__SOURCE MATERIAL__.
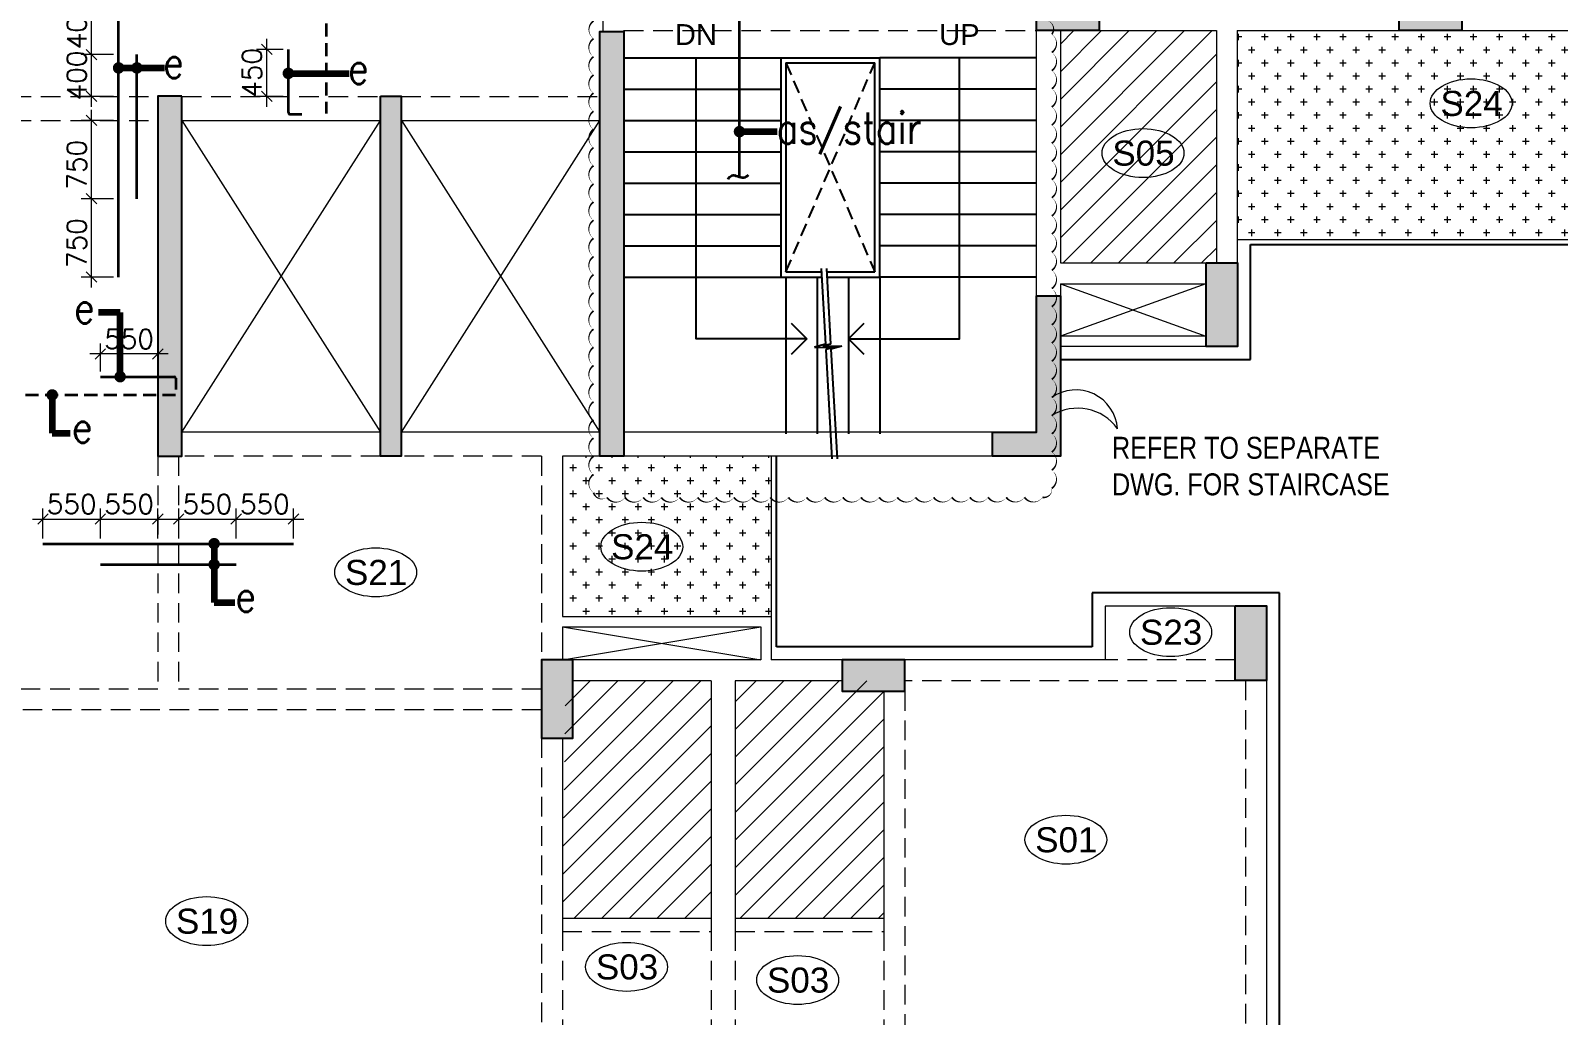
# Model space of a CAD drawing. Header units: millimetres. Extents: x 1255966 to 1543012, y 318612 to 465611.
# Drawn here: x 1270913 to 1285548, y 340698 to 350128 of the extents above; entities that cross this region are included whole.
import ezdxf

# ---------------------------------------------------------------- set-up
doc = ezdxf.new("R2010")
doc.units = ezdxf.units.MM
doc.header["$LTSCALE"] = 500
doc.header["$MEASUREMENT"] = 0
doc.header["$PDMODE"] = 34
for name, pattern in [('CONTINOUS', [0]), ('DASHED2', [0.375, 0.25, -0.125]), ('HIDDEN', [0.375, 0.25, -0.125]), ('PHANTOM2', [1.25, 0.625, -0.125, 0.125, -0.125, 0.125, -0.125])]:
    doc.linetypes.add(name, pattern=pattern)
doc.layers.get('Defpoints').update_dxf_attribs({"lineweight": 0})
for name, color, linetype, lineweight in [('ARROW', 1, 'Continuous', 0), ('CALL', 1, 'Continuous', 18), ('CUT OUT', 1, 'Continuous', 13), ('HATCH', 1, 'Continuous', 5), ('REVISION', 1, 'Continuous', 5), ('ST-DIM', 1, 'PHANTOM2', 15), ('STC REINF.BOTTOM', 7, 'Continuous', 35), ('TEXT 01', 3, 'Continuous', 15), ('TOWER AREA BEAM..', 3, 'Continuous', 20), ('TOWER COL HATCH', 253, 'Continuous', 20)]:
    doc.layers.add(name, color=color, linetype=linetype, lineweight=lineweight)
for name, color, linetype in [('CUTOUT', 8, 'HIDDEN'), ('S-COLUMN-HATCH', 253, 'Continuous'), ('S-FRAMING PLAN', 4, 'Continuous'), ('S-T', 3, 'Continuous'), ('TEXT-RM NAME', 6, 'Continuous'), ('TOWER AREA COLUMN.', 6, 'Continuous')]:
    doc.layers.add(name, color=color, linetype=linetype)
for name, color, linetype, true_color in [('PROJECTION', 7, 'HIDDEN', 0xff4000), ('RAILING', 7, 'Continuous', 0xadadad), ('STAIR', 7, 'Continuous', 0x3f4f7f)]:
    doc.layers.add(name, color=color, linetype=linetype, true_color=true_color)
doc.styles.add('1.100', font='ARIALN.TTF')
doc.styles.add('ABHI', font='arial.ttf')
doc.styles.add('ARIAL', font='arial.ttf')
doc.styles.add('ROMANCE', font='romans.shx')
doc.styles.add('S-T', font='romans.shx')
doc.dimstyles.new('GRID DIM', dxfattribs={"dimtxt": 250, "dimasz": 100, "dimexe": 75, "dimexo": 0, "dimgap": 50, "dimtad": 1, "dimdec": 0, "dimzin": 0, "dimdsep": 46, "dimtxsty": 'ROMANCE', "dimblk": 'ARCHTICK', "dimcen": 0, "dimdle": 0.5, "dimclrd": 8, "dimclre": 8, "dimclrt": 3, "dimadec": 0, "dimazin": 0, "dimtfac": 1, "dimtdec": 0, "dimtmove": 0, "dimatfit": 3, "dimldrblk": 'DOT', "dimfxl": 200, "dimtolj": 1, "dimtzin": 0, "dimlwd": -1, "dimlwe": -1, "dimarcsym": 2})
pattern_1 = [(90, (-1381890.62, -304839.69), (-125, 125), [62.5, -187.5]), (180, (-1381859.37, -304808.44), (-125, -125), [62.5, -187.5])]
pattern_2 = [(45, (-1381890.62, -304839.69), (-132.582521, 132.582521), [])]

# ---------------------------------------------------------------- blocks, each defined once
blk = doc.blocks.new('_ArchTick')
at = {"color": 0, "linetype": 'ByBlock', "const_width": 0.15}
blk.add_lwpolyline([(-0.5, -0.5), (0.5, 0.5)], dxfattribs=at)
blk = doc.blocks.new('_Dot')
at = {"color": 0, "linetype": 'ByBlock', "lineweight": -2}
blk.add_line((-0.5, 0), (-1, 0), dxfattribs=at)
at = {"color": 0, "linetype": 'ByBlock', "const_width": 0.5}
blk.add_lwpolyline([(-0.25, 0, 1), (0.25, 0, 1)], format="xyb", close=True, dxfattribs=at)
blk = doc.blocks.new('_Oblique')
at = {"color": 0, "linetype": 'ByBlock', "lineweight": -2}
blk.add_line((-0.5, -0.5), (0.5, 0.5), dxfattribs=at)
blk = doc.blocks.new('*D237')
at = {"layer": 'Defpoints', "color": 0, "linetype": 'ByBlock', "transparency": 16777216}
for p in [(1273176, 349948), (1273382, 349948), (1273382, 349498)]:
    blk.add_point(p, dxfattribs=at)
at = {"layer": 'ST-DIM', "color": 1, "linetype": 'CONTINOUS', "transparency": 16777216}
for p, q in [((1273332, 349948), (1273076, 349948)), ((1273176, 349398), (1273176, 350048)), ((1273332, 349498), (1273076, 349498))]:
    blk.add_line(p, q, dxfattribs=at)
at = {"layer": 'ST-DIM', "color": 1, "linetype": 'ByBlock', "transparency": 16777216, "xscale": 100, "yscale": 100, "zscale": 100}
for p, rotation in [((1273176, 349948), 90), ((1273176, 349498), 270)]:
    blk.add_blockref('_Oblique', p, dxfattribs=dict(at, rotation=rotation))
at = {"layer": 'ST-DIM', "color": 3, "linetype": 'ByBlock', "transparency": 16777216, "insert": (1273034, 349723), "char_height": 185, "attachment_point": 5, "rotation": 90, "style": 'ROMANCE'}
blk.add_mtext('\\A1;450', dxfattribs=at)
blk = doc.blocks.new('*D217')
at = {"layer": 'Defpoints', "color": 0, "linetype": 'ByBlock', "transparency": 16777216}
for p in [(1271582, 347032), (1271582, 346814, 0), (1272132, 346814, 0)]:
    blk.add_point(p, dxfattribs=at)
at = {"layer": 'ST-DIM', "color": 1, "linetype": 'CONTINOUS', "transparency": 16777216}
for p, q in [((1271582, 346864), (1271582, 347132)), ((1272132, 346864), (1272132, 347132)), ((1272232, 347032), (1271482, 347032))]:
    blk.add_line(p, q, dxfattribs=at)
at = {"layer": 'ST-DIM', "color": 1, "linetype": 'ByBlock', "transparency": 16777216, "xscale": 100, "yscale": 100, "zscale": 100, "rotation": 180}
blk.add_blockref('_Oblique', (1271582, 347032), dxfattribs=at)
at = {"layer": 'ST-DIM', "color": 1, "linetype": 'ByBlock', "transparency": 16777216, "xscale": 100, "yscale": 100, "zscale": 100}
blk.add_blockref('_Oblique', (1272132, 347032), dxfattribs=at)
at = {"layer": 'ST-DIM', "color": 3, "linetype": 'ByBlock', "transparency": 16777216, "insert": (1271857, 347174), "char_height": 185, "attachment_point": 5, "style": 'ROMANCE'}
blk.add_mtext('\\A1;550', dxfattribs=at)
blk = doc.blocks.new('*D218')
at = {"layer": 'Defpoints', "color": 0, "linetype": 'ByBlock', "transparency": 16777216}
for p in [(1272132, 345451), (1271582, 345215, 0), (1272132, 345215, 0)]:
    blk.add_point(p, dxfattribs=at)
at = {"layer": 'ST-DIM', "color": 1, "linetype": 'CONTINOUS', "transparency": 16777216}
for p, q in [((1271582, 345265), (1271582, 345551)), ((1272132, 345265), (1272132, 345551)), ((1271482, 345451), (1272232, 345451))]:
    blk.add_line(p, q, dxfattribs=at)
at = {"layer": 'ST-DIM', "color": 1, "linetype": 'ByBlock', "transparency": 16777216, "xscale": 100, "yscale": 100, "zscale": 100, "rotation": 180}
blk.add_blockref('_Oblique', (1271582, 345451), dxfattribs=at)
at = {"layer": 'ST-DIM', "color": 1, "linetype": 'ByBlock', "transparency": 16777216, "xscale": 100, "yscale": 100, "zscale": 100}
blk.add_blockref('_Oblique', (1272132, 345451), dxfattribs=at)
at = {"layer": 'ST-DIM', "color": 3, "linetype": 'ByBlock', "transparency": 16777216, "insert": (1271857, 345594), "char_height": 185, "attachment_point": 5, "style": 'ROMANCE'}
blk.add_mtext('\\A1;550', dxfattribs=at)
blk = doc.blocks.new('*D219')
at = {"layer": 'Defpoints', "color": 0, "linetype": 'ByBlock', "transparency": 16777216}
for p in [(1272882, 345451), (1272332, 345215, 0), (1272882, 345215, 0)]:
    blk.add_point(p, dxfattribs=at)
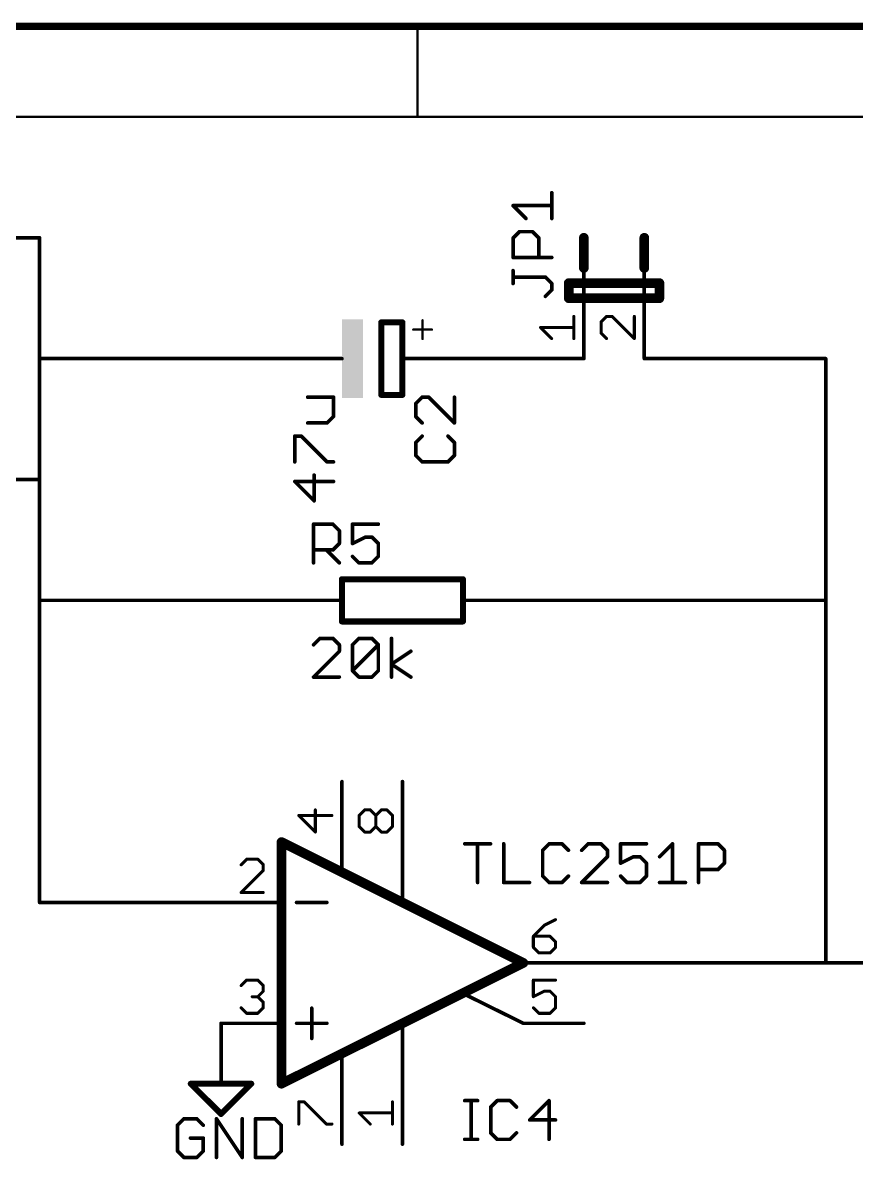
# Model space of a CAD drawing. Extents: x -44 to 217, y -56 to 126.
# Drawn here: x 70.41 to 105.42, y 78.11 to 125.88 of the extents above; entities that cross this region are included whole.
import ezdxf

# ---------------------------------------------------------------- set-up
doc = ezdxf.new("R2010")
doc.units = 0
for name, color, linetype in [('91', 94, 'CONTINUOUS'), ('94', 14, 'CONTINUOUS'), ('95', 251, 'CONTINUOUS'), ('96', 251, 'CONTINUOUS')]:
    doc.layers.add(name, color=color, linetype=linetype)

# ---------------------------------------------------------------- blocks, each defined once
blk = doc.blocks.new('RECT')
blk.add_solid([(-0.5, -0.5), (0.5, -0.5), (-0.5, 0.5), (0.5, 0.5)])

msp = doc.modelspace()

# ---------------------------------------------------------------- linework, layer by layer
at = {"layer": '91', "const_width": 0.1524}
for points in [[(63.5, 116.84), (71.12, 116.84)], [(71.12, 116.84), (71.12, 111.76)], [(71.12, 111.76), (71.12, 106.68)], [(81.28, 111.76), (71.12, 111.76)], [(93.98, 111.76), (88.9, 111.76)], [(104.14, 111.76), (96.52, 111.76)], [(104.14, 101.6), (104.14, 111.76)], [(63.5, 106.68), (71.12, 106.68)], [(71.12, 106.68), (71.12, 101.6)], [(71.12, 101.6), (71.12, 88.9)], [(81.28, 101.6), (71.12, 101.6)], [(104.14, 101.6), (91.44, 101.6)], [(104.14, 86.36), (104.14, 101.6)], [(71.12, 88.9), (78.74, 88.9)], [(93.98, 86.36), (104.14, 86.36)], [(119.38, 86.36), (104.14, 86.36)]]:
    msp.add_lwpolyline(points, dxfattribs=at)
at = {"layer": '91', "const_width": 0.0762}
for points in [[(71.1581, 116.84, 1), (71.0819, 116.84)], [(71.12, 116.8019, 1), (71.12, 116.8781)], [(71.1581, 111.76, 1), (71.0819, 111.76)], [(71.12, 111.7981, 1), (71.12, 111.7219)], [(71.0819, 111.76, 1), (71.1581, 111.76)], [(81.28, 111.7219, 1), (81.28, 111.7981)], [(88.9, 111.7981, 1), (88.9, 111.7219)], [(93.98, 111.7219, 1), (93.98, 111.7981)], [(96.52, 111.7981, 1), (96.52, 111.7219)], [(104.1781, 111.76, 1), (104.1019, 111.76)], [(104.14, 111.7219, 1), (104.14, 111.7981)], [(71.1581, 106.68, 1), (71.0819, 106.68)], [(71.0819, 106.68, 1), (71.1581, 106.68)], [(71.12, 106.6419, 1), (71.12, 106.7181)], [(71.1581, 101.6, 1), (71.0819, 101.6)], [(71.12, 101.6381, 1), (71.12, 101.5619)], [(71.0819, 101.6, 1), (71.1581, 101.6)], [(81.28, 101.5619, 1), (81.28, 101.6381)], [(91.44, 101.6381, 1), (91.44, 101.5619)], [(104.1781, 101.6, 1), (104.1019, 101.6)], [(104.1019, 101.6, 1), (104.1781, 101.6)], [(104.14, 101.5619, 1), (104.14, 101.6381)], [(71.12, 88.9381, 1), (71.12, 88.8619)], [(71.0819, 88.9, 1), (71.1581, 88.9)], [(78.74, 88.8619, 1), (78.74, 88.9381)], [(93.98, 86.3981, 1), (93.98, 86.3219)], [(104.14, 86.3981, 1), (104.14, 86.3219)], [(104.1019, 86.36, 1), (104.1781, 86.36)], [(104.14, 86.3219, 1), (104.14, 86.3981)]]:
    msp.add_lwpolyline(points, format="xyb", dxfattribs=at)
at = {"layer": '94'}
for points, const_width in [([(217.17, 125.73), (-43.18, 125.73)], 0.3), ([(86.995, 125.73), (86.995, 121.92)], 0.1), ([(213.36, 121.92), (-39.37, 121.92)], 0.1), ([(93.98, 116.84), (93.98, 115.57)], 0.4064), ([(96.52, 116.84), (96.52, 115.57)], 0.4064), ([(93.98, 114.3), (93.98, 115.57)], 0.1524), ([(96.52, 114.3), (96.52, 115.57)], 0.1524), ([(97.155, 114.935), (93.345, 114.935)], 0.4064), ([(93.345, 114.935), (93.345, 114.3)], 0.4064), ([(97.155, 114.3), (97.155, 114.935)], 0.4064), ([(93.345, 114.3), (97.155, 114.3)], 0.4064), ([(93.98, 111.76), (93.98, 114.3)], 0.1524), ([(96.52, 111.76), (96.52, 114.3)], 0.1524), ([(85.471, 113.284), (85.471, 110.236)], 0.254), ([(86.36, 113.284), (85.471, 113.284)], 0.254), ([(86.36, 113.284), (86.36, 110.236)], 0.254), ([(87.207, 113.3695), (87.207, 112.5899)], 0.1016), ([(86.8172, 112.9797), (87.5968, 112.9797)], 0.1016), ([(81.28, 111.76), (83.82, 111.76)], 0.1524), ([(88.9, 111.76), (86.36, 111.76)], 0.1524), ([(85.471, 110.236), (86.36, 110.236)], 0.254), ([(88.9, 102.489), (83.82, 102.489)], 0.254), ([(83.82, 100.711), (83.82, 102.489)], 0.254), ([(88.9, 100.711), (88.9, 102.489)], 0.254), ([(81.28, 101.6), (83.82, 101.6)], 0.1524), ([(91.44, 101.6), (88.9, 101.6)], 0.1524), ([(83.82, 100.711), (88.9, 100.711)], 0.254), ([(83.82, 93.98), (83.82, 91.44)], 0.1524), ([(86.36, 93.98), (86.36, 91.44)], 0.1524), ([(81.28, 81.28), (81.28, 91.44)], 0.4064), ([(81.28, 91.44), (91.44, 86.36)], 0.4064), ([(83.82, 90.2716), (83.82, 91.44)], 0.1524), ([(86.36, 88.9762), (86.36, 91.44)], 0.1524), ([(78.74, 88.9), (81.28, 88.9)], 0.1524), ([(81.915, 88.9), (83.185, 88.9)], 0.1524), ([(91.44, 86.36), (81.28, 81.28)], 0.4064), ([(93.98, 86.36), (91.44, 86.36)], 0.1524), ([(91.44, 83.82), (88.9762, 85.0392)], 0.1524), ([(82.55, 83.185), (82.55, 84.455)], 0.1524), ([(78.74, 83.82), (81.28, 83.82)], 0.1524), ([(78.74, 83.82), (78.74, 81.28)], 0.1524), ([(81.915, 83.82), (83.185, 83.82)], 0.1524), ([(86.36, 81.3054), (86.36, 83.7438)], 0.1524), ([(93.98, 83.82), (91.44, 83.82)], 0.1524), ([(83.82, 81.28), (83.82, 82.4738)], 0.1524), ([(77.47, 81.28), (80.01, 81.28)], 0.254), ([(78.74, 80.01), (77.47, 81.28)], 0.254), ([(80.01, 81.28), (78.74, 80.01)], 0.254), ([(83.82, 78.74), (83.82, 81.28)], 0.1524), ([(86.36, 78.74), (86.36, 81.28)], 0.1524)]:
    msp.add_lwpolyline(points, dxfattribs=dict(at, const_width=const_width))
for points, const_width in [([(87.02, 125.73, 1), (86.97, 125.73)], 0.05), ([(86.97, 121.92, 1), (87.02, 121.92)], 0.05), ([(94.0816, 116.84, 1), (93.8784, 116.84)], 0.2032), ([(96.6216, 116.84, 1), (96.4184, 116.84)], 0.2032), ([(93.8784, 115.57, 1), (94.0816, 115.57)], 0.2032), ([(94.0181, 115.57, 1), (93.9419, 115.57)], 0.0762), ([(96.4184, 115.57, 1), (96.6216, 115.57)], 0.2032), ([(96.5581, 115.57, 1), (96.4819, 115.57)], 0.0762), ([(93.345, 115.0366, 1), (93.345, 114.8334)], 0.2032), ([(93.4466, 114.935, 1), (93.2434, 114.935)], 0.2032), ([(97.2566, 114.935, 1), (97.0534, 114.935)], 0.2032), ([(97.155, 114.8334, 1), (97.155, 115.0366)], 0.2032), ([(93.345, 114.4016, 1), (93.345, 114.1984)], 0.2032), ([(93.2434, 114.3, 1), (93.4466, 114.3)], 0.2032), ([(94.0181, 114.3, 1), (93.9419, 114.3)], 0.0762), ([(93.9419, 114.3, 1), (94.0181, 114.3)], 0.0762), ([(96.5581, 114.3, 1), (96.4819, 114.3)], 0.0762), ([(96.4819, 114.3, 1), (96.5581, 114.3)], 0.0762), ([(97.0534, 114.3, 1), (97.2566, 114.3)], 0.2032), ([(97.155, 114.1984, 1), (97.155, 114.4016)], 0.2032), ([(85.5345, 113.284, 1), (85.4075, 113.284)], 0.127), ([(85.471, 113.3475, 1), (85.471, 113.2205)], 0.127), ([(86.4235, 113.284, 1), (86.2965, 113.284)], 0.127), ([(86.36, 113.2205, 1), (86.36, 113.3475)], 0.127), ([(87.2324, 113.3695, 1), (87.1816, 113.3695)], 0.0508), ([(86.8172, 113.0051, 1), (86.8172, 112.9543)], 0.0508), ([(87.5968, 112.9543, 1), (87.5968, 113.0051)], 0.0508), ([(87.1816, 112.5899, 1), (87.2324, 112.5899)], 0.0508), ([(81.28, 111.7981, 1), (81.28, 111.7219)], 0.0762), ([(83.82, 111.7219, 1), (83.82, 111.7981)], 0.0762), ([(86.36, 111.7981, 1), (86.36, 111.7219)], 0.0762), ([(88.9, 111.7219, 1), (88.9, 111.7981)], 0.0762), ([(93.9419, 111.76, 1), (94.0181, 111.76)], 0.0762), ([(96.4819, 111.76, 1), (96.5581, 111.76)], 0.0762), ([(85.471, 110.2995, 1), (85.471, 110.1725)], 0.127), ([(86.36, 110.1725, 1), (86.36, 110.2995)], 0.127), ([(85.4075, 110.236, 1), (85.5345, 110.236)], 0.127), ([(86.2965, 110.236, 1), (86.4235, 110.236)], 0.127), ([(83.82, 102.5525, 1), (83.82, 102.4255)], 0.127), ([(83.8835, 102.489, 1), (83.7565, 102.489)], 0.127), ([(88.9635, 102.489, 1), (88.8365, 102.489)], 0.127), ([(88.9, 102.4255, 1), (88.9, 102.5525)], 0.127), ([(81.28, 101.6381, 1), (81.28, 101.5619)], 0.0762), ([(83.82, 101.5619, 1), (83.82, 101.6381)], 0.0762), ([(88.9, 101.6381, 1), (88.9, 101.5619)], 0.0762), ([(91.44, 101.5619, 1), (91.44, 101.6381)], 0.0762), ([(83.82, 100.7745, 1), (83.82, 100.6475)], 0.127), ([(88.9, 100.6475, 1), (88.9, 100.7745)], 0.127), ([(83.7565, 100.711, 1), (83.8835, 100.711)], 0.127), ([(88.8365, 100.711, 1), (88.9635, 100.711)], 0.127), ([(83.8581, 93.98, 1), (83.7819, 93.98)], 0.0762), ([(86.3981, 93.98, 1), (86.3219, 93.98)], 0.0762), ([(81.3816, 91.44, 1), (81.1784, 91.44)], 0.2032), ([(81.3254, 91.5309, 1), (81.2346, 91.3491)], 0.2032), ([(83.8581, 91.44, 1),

__PROBLEM REQUIREMENTS__.
Lines that contain "cross" are the result; find them in the entries above and copy each one.

__WRITTEN SOLUTION__.
# Drawn here: x 1270913 to 1285548, y 340698 to 350128 of the extents above; entities that cross this region are included whole.
# Drawn here: x 70.41 to 105.42, y 78.11 to 125.88 of the extents above; entities that cross this region are included whole.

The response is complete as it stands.